■ **Data records**:
==================================================

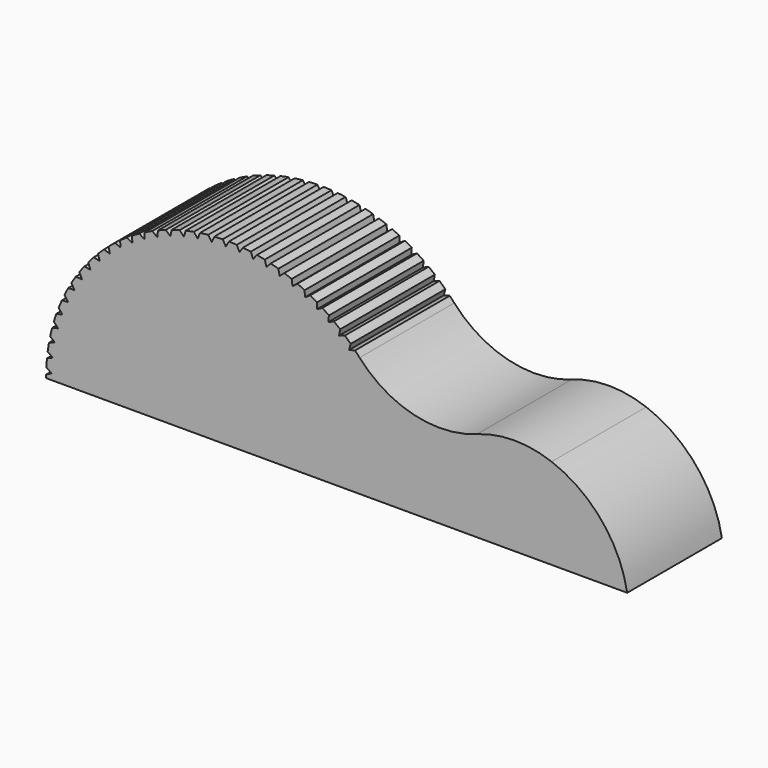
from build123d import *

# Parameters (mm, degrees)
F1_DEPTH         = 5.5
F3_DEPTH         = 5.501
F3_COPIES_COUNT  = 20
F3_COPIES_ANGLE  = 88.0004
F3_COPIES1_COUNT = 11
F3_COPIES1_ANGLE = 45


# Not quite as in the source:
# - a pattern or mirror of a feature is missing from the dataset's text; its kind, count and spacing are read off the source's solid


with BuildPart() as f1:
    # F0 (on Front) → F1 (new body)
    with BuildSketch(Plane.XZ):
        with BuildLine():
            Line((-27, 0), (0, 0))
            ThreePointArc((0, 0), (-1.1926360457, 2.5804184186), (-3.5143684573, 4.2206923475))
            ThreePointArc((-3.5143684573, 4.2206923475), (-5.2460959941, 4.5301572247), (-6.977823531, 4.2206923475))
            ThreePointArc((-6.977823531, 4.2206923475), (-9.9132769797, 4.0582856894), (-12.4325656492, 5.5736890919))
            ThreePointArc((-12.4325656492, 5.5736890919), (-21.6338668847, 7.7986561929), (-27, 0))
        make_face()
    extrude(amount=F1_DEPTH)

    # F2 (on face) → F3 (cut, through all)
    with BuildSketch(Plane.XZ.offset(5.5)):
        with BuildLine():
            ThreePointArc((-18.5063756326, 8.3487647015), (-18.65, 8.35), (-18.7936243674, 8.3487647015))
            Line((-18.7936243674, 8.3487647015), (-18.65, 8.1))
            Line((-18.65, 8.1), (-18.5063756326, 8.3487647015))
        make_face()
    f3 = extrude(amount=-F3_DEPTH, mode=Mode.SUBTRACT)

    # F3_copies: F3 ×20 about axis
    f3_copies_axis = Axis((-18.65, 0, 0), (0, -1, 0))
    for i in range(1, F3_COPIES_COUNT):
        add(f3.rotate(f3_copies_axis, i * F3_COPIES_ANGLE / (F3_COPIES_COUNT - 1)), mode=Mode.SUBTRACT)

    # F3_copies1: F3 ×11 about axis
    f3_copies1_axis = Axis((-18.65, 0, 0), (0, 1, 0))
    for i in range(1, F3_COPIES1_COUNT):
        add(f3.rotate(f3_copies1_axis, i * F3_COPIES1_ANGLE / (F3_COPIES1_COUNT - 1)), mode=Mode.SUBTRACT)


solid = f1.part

==================================================

Which lines in the data above hold the word "extrude"? Return each of them.

    extrude(amount=F1_DEPTH)
    f3 = extrude(amount=-F3_DEPTH, mode=Mode.SUBTRACT)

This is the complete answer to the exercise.